Дан заскучал: легкое чтиво он не любил, предпочитал серьезные книги, чтобы после обсудить их с Миром и Платоном. Хотя недавно ему попались стихи Эдгара По, ничего так. В меру мрачные и готические. А Понч раззадорился и начал пересказывать сюжет. Кар обменялся с Даном понимающим взглядом и быстро перевел беседу в другое русло. Речь пошла о базовой математике.
– Да ну на фиг, – отмахнулся Понч. – Лучше профиль сдавать – он много где пригодиться может.
Дан тоже не собирался сдавать базу после десятого класса, но больше потому, что не выбрал будущую профессию и институт. Пока неясно, что там понадобится, – база или профиль. А вот ближе к осени он постарается определиться, так что мучиться будет оптом – сразу по всем предметам.
Вообще забивать себе голову предстоящими через год экзаменами не хотелось. Мама периодически вспоминала о них и пыталась воззвать к Даниной сознательности, но надолго ее не хватало – ни мамы, ни сознательности. Учителя тоже порой намекали на грядущие трудности, но особо не нагнетали: им хватало мороки с девятыми и выпускными классами. Так что десятиклассники наслаждались небольшим послаблением в учебе, кроме тех, кто шел на медаль. Как Платон, например. Данин друг полностью оправдывал свое имя, полученное в честь древнегреческого философа. Мир иногда подкалывал его: «Платон мне друг, но истина дороже».
– Слушайте, а что за игры на выбывание через год? Соревнования? – поинтересовался Дан.
Кар расхохотался. У него оказался заразительный смех, который хотелось подхватить.
– Так экзамены же выпускные. А ты про что подумал?
Дан смутился: как же он не догадался? Ведь на самом деле все очевидно.
– У нас в прошлом году парень из окна выпрыгнул – за экзамены получил меньше баллов, чем рассчитывал, – припомнил Понч.
– Ну и дурак! – Дан был резок.
– Ну да, нашел из-за чего, – согласился Понч. – Так бы пересдал их через год или в колледж поступил. А хотя бы и в армию… А теперь у него никогда ничего не будет.
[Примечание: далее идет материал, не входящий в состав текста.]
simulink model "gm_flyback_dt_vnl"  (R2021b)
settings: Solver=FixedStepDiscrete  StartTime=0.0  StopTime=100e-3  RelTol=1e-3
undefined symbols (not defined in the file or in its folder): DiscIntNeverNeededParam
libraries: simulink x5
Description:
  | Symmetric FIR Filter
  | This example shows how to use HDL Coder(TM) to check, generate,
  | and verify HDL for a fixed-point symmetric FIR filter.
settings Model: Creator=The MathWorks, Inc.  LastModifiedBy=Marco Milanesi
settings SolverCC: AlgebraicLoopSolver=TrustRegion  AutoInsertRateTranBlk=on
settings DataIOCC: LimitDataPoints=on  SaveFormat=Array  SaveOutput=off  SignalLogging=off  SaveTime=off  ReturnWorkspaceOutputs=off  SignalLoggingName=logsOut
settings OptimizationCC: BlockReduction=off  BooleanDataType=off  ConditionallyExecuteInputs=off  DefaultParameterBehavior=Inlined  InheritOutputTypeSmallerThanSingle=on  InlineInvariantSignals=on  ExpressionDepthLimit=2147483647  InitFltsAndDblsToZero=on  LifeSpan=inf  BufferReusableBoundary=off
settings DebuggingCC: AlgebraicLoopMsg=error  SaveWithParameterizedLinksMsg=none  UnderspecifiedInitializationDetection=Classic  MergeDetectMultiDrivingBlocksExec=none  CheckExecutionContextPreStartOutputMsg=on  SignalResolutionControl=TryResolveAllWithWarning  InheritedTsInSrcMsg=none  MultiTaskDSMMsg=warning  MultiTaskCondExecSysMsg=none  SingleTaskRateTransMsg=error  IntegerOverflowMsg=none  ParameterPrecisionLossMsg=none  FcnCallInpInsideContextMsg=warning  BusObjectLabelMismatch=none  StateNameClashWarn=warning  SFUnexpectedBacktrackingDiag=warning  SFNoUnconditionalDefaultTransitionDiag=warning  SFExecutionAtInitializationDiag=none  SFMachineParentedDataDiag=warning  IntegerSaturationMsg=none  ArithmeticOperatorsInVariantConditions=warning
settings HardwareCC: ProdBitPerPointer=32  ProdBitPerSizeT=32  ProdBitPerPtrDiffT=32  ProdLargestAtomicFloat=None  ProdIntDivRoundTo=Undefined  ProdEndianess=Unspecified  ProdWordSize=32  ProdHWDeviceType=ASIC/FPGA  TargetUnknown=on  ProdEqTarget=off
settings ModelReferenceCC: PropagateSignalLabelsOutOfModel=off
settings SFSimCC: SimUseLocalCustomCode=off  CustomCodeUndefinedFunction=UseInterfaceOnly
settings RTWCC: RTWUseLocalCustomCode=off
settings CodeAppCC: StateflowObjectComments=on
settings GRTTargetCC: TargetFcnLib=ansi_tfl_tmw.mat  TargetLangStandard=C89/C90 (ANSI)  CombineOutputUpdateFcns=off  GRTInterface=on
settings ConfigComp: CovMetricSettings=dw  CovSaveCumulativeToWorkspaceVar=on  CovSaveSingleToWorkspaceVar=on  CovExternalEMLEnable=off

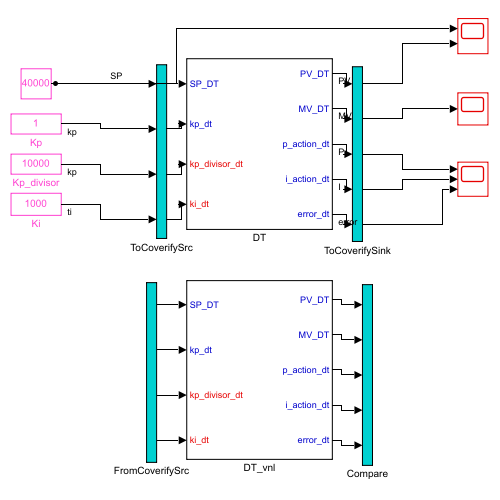
[thumbnail: Simulink's stored preview of the top-level diagram]
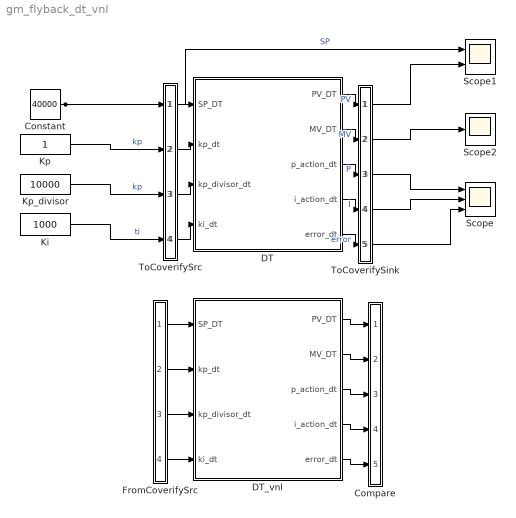
== system gm_flyback_dt_vnl ==
  Compare : Subsystem
      mask Display: disp('')
  Constant : Constant  Value=40000  OutDataTypeStr=fixdt(1,64,32)
  DT : Subsystem
  DT_vnl : Subsystem
  FromCoverifySrc : Subsystem
      mask Display: disp('')
  Ki : Constant  Value=1000  OutDataTypeStr=fixdt(1,64,32)
  Kp : Constant  OutDataTypeStr=fixdt(1,64,32)
  Kp_divisor : Constant  Value=10000  OutDataTypeStr=fixdt(1,64,32)
  Scope : Scope  NumInputPorts=3
  Scope1 : Scope  NumInputPorts=2
  Scope2 : Scope
  ToCoverifySink : Subsystem
      mask Display: disp('')
  ToCoverifySrc : Subsystem
      mask Display: disp('')
  wires:
  Constant/1 -> Scope1/1, ToCoverifySrc/1(in1)  "SP"
  ToCoverifySrc/1(out1) -> DT/1(SP_DT)
  ToCoverifySrc/2(out2) -> DT/2(kp_dt)
  ToCoverifySrc/3(out3) -> DT/3(kp_divisor_dt)
  ToCoverifySrc/4(out4) -> DT/4(ki_dt)
  DT/1(PV_DT) -> ToCoverifySink/1(in1)  "PV"
  DT/2(MV_DT) -> ToCoverifySink/2(in2)  "MV"
  DT/3(p_action_dt) -> ToCoverifySink/3(in3)  "P"
  DT/4(i_action_dt) -> ToCoverifySink/4(in4)  "I"
  DT/5(error_dt) -> ToCoverifySink/5(in5)  "error"
  Kp/1 -> ToCoverifySrc/2(in2)  "kp"
  Kp_divisor/1 -> ToCoverifySrc/3(in3)  "kp"
  Ki/1 -> ToCoverifySrc/4(in4)  "ti"
  ToCoverifySink/1(out1) -> Scope1/2
  ToCoverifySink/2(out2) -> Scope2/1
  ToCoverifySink/3(out3) -> Scope/1
  ToCoverifySink/4(out4) -> Scope/2
  ToCoverifySink/5(out5) -> Scope/3
  FromCoverifySrc/1(out1) -> DT_vnl/1(SP_DT)
  FromCoverifySrc/2(out2) -> DT_vnl/2(kp_dt)
  FromCoverifySrc/3(out3) -> DT_vnl/3(kp_divisor_dt)
  FromCoverifySrc/4(out4) -> DT_vnl/4(ki_dt)
  DT_vnl/1(PV_DT) -> Compare/1(in1)
  DT_vnl/2(MV_DT) -> Compare/2(in2)
  DT_vnl/3(p_action_dt) -> Compare/3(in3)
  DT_vnl/4(i_action_dt) -> Compare/4(in4)
  DT_vnl/5(error_dt) -> Compare/5(in5)

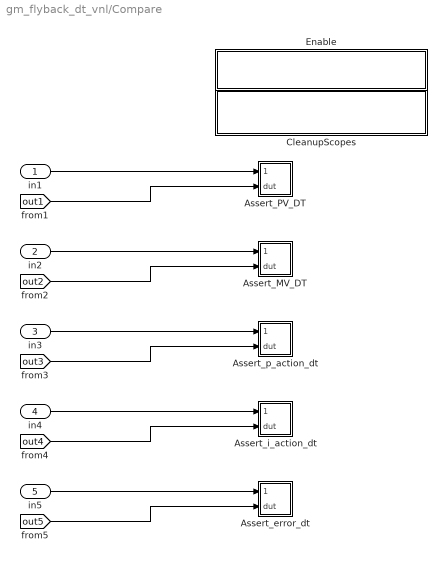
== system gm_flyback_dt_vnl/Compare ==
  in1 : Inport
  in2 : Inport  Port=2
  in3 : Inport  Port=3
  in4 : Inport  Port=4
  in5 : Inport  Port=5
  Assert_MV_DT : Subsystem
  Assert_PV_DT : Subsystem
  Assert_error_dt : Subsystem
  Assert_i_action_dt : Subsystem
  Assert_p_action_dt : Subsystem
  CleanupScopes : Subsystem
      settings: OpenFcn=|
      | blkName = gcb; %self block
      | idx = regexp(blkName, '/CleanupScopes$', 'once');
      | blkParent = blkName(1:idx-1);
      | blks=find_system(blkParent, 'LookUnderMasks', 'all','blocktype', 'Scope');
      | for itr = 1:length(blks)
      | 	 hScopeCfg = get_param(blks{itr},'ScopeConfiguration');
      | 	 hScopeCfg.Visible = ~ hScopeCfg.Visible;
      | end
      | drawnow;
      mask Display: fprintf(message('hdlcoder:cosim:vnl_dblclick').getString());
  Enable : Subsystem
      settings: OpenFcn=|
      | blkName = gcb;
      | idx = regexp(blkName, '/Enable$', 'once');
      | blkParent = blkName(1:idx-1);
      | blks=find_system(blkParent, 'LookUnderMasks', 'all','blocktype', 'Assertion');
      | e = get_param(blks{1}, 'Enabled');
      | if strcmp(e, 'on'), f= 'off';, else, f = 'on';, end
      | for ii=1:length(blks), set_param(blks{ii}, 'Enabled', f);, end
      | set_param(gcb, 'MaskDisplay',['fprintf(message(''hdlcoder:cosim:vnl_dblclick_assertions'',','''',upper(e),'''',').getString())']);
      mask Display: fprintf(message('hdlcoder:cosim:vnl_dblclick_assertions','OFF').getString());
  wires:
  in1/1 -> Assert_PV_DT/1(cosim)
  [out1] -> Assert_PV_DT/2(dut)
  in2/1 -> Assert_MV_DT/1(cosim)
  [out2] -> Assert_MV_DT/2(dut)
  in3/1 -> Assert_p_action_dt/1(cosim)
  [out3] -> Assert_p_action_dt/2(dut)
  in4/1 -> Assert_i_action_dt/1(cosim)
  [out4] -> Assert_i_action_dt/2(dut)
  in5/1 -> Assert_error_dt/1(cosim)
  [out5] -> Assert_error_dt/2(dut)

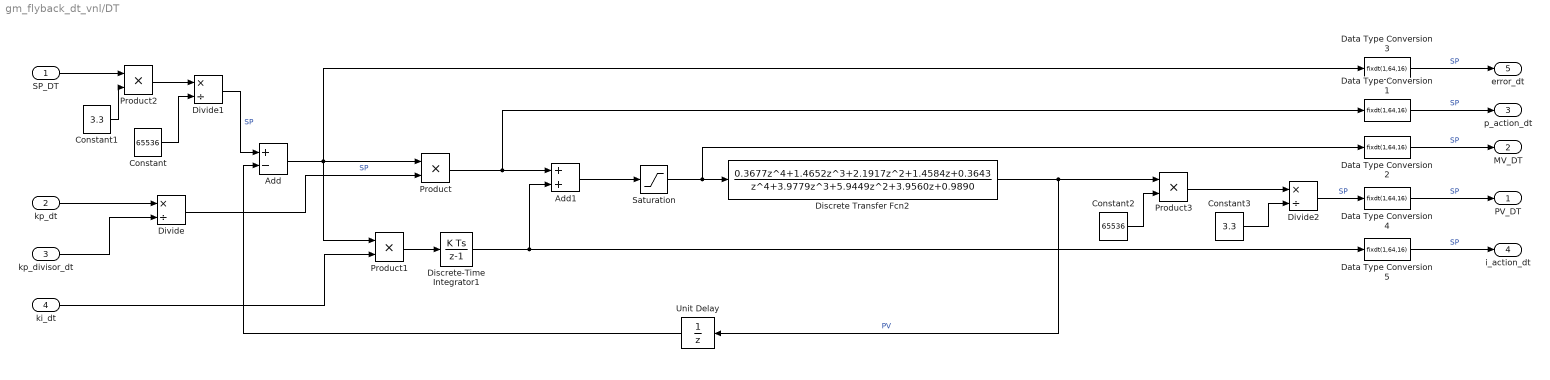
== system gm_flyback_dt_vnl/DT ==
  SP_DT : Inport  OutDataTypeStr=fixdt(1,64,32)  SampleTime=0.00001
  kp_dt : Inport  Port=2  OutDataTypeStr=fixdt(1,64,32)  SampleTime=0.00001
  kp_divisor_dt : Inport  Port=3  OutDataTypeStr=fixdt(1,64,32)  SampleTime=0.00001
  ki_dt : Inport  Port=4  OutDataTypeStr=fixdt(1,64,32)  SampleTime=0.00001
  Add : Sum  Inputs=+-  AccumDataTypeStr=fixdt(1,64,32)  OutDataTypeStr=fixdt(1,64,32)
  Add1 : Sum  AccumDataTypeStr=fixdt(1,64,32)  OutDataTypeStr=fixdt(1,64,32)
  Constant : Constant  Value=65536  OutDataTypeStr=fixdt(1,64,32)
  Constant1 : Constant  Value=3.3  OutDataTypeStr=fixdt(1,64,32)
  Constant2 : Constant  Value=65536  OutDataTypeStr=fixdt(1,64,32)
  Constant3 : Constant  Value=3.3  OutDataTypeStr=fixdt(1,64,32)
  Data Type Conversion{1..5} (5 alike) : DataTypeConversion  OutDataTypeStr=fixdt(1,64,16)
  Discrete Transfer Fcn2 : DiscreteTransferFcn  Numerator=[0.3677 1.4652 2.1917 1.4584 0.3643]  Denominator=[1 3.9779 5.9449 3.9560 0.9890]  SampleTime=0.00001  NumCoefDataTypeStr=fixdt(1,64,32)  DenCoefDataTypeStr=fixdt(1,64,32)  NumProductDataTypeStr=fixdt(1,64,32)  DenProductDataTypeStr=fixdt(1,64,32)  NumAccumDataTypeStr=fixdt(1,64,32)  DenAccumDataTypeStr=fixdt(1,64,32)  OutDataTypeStr=fixdt(1,64,32)
  Discrete-Time Integrator1 : DiscreteIntegrator  SampleTime=0.00001  OutDataTypeStr=fixdt(1,64,32)  ICPrevOutput=DiscIntNeverNeededParam  ICPrevScaledInput=DiscIntNeverNeededParam
  Divide : Product  Inputs=*/  RndMeth=Zero  SaturateOnIntegerOverflow=on  LockScale=on
  Divide1 : Product  Inputs=*/  RndMeth=Zero  SaturateOnIntegerOverflow=on  LockScale=on
  Divide2 : Product  Inputs=*/  RndMeth=Zero  SaturateOnIntegerOverflow=on  LockScale=on
  Product{,1..3} (4 alike) : Product  OutDataTypeStr=fixdt(1,64,32)
  Saturation : Saturate  UpperLimit=255  LowerLimit=0  OutDataTypeStr=fixdt(1,64,32)
  Unit Delay : UnitDelay  SampleTime=0.00001  HasFrameUpgradeWarning=on
  PV_DT : Outport  OutDataTypeStr=fixdt(1,64,16)  SampleTime=0.00001  VectorParamsAs1DForOutWhenUnconnected=off
  MV_DT : Outport  Port=2  OutDataTypeStr=fixdt(1,64,16)  SampleTime=0.00001  VectorParamsAs1DForOutWhenUnconnected=off
  p_action_dt : Outport  Port=3  OutDataTypeStr=fixdt(1,64,16)  SampleTime=0.00001  VectorParamsAs1DForOutWhenUnconnected=off
  i_action_dt : Outport  Port=4  OutDataTypeStr=fixdt(1,64,16)  SampleTime=0.00001  VectorParamsAs1DForOutWhenUnconnected=off
  error_dt : Outport  Port=5  OutDataTypeStr=fixdt(1,64,16)  SampleTime=0.00001  VectorParamsAs1DForOutWhenUnconnected=off
  wires:
  Unit Delay/1 -> Add/2
  Product1/1 -> Discrete-Time Integrator1/1
  Add/1 -> Data Type Conversion3/1, Product/1, Product1/1
  Product/1 -> Data Type Conversion1/1, Add1/1
  Discrete Transfer Fcn2/1 -> Product3/1, Unit Delay/1  "PV"
  Discrete-Time Integrator1/1 -> Data Type Conversion5/1, Add1/2
  Data Type Conversion1/1 -> p_action_dt/1  "SP"
  Data Type Conversion3/1 -> error_dt/1  "SP"
  Data Type Conversion2/1 -> MV_DT/1  "SP"
  Data Type Conversion4/1 -> PV_DT/1  "SP"
  Data Type Conversion5/1 -> i_action_dt/1  "SP"
  ki_dt/1 -> Product1/2
  kp_dt/1 -> Divide/1
  kp_divisor_dt/1 -> Divide/2
  Divide/1 -> Product/2  "SP"
  Add1/1 -> Saturation/1
  Saturation/1 -> Discrete Transfer Fcn2/1, Data Type Conversion2/1
  SP_DT/1 -> Product2/1
  Product2/1 -> Divide1/1
  Divide1/1 -> Add/1  "SP"
  Constant/1 -> Divide1/2
  Constant1/1 -> Product2/2
  Product3/1 -> Divide2/1
  Constant2/1 -> Product3/2
  Constant3/1 -> Divide2/2
  Divide2/1 -> Data Type Conversion4/1  "SP"

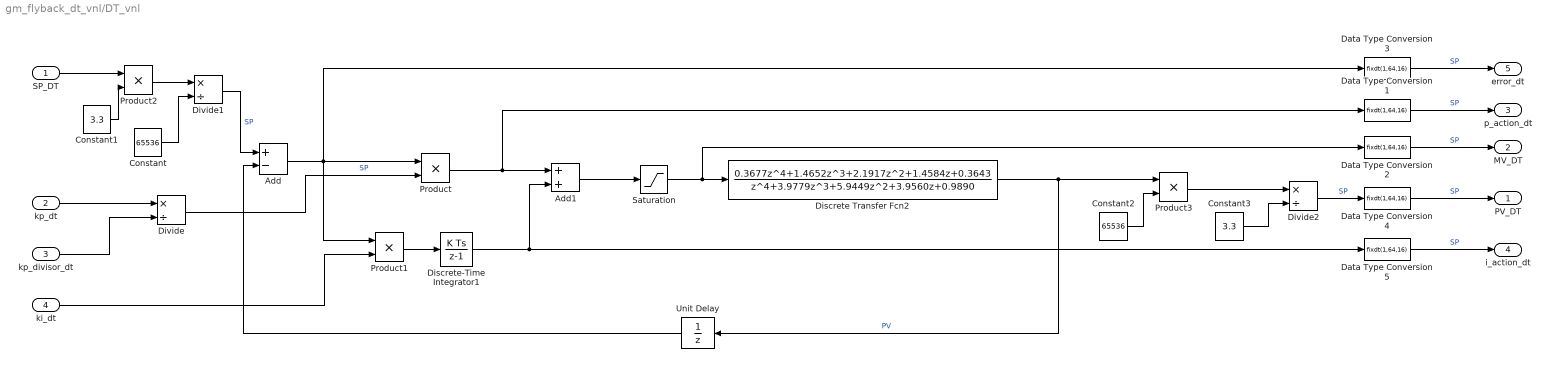
== system gm_flyback_dt_vnl/DT_vnl ==
  SP_DT : Inport  OutDataTypeStr=fixdt(1,64,32)  SampleTime=0.00001
  kp_dt : Inport  Port=2  OutDataTypeStr=fixdt(1,64,32)  SampleTime=0.00001
  kp_divisor_dt : Inport  Port=3  OutDataTypeStr=fixdt(1,64,32)  SampleTime=0.00001
  ki_dt : Inport  Port=4  OutDataTypeStr=fixdt(1,64,32)  SampleTime=0.00001
  Add : Sum  Inputs=+-  AccumDataTypeStr=fixdt(1,64,32)  OutDataTypeStr=fixdt(1,64,32)
  Add1 : Sum  AccumDataTypeStr=fixdt(1,64,32)  OutDataTypeStr=fixdt(1,64,32)
  Constant : Constant  Value=65536  OutDataTypeStr=fixdt(1,64,32)
  Constant1 : Constant  Value=3.3  OutDataTypeStr=fixdt(1,64,32)
  Constant2 : Constant  Value=65536  OutDataTypeStr=fixdt(1,64,32)
  Constant3 : Constant  Value=3.3  OutDataTypeStr=fixdt(1,64,32)
  Data Type Conversion{1..5} (5 alike) : DataTypeConversion  OutDataTypeStr=fixdt(1,64,16)
  Discrete Transfer Fcn2 : DiscreteTransferFcn  Numerator=[0.3677 1.4652 2.1917 1.4584 0.3643]  Denominator=[1 3.9779 5.9449 3.9560 0.9890]  SampleTime=0.00001  NumCoefDataTypeStr=fixdt(1,64,32)  DenCoefDataTypeStr=fixdt(1,64,32)  NumProductDataTypeStr=fixdt(1,64,32)  DenProductDataTypeStr=fixdt(1,64,32)  NumAccumDataTypeStr=fixdt(1,64,32)  DenAccumDataTypeStr=fixdt(1,64,32)  OutDataTypeStr=fixdt(1,64,32)
  Discrete-Time Integrator1 : DiscreteIntegrator  SampleTime=0.00001  OutDataTypeStr=fixdt(1,64,32)  ICPrevOutput=DiscIntNeverNeededParam  ICPrevScaledInput=DiscIntNeverNeededParam
  Divide : Product  Inputs=*/  RndMeth=Zero  SaturateOnIntegerOverflow=on  LockScale=on
  Divide1 : Product  Inputs=*/  RndMeth=Zero  SaturateOnIntegerOverflow=on  LockScale=on
  Divide2 : Product  Inputs=*/  RndMeth=Zero  SaturateOnIntegerOverflow=on  LockScale=on
  Product{,1..3} (4 alike) : Product  OutDataTypeStr=fixdt(1,64,32)
  Saturation : Saturate  UpperLimit=255  LowerLimit=0  OutDataTypeStr=fixdt(1,64,32)
  Unit Delay : UnitDelay  SampleTime=0.00001  HasFrameUpgradeWarning=on
  PV_DT : Outport  OutDataTypeStr=fixdt(1,64,16)  SampleTime=0.00001  VectorParamsAs1DForOutWhenUnconnected=off
  MV_DT : Outport  Port=2  OutDataTypeStr=fixdt(1,64,16)  SampleTime=0.00001  VectorParamsAs1DForOutWhenUnconnected=off
  p_action_dt : Outport  Port=3  OutDataTypeStr=fixdt(1,64,16)  SampleTime=0.00001  VectorParamsAs1DForOutWhenUnconnected=off
  i_action_dt : Outport  Port=4  OutDataTypeStr=fixdt(1,64,16)  SampleTime=0.00001  VectorParamsAs1DForOutWhenUnconnected=off
  error_dt : Outport  Port=5  OutDataTypeStr=fixdt(1,64,16)  SampleTime=0.00001  VectorParamsAs1DForOutWhenUnconnected=off
  wires:
  Divide2/1 -> Data Type Conversion4/1  "SP"
  Constant3/1 -> Divide2/2
  Constant2/1 -> Product3/2
  Product3/1 -> Divide2/1
  Constant1/1 -> Product2/2
  Constant/1 -> Divide1/2
  Divide1/1 -> Add/1  "SP"
  Product2/1 -> Divide1/1
  SP_DT/1 -> Product2/1
  Saturation/1 -> Data Type Conversion2/1, Discrete Transfer Fcn2/1
  Add1/1 -> Saturation/1
  Divide/1 -> Product/2  "SP"
  kp_divisor_dt/1 -> Divide/2
  kp_dt/1 -> Divide/1
  ki_dt/1 -> Product1/2
  Data Type Conversion5/1 -> i_action_dt/1  "SP"
  Data Type Conversion4/1 -> PV_DT/1  "SP"
  Data Type Conversion2/1 -> MV_DT/1  "SP"
  Data Type Conversion3/1 -> error_dt/1  "SP"
  Data Type Conversion1/1 -> p_action_dt/1  "SP"
  Discrete-Time Integrator1/1 -> Add1/2, Data Type Conversion5/1
  Discrete Transfer Fcn2/1 -> Unit Delay/1, Product3/1  "PV"
  Product/1 -> Add1/1, Data Type Conversion1/1
  Add/1 -> Product1/1, Product/1, Data Type Conversion3/1
  Product1/1 -> Discrete-Time Integrator1/1
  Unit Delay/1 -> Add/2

После уроков Дан помчался в кафе. Он начал подрабатывать, как только ему исполнилось шестнадцать лет, – хотелось своих денег. Сперва прошел тестирование в офисе, затем медицинский осмотр в поликлинике в центре Москвы, и вскоре его приняли в Так-Тональдс – крупнейшую сеть быстрого питания. Первые два месяца у Дана проходила оплачиваемая стажировка, к нему даже прикрепили консультанта. Не обошлось без происшествий: несколько раз Дан получил ожоги из-за горячего масла, хорошо, что без волдырей. Самым сложным оказалось собирать бургеры, как ни странно. Но Дан вскоре овладел этой премудрой наукой, и его взяли на постоянную вакансию. Три раза в неделю полных четыре часа: вторник, четверг и суббота – всё как по законодательству. Можно было бы ходить чаще, но родители выступили против – боялись, что на учебе скажется. Дан подозревал, что осенью подработку придется бросить, поэтому на лето у него были определенные планы: накопить как можно больше денег.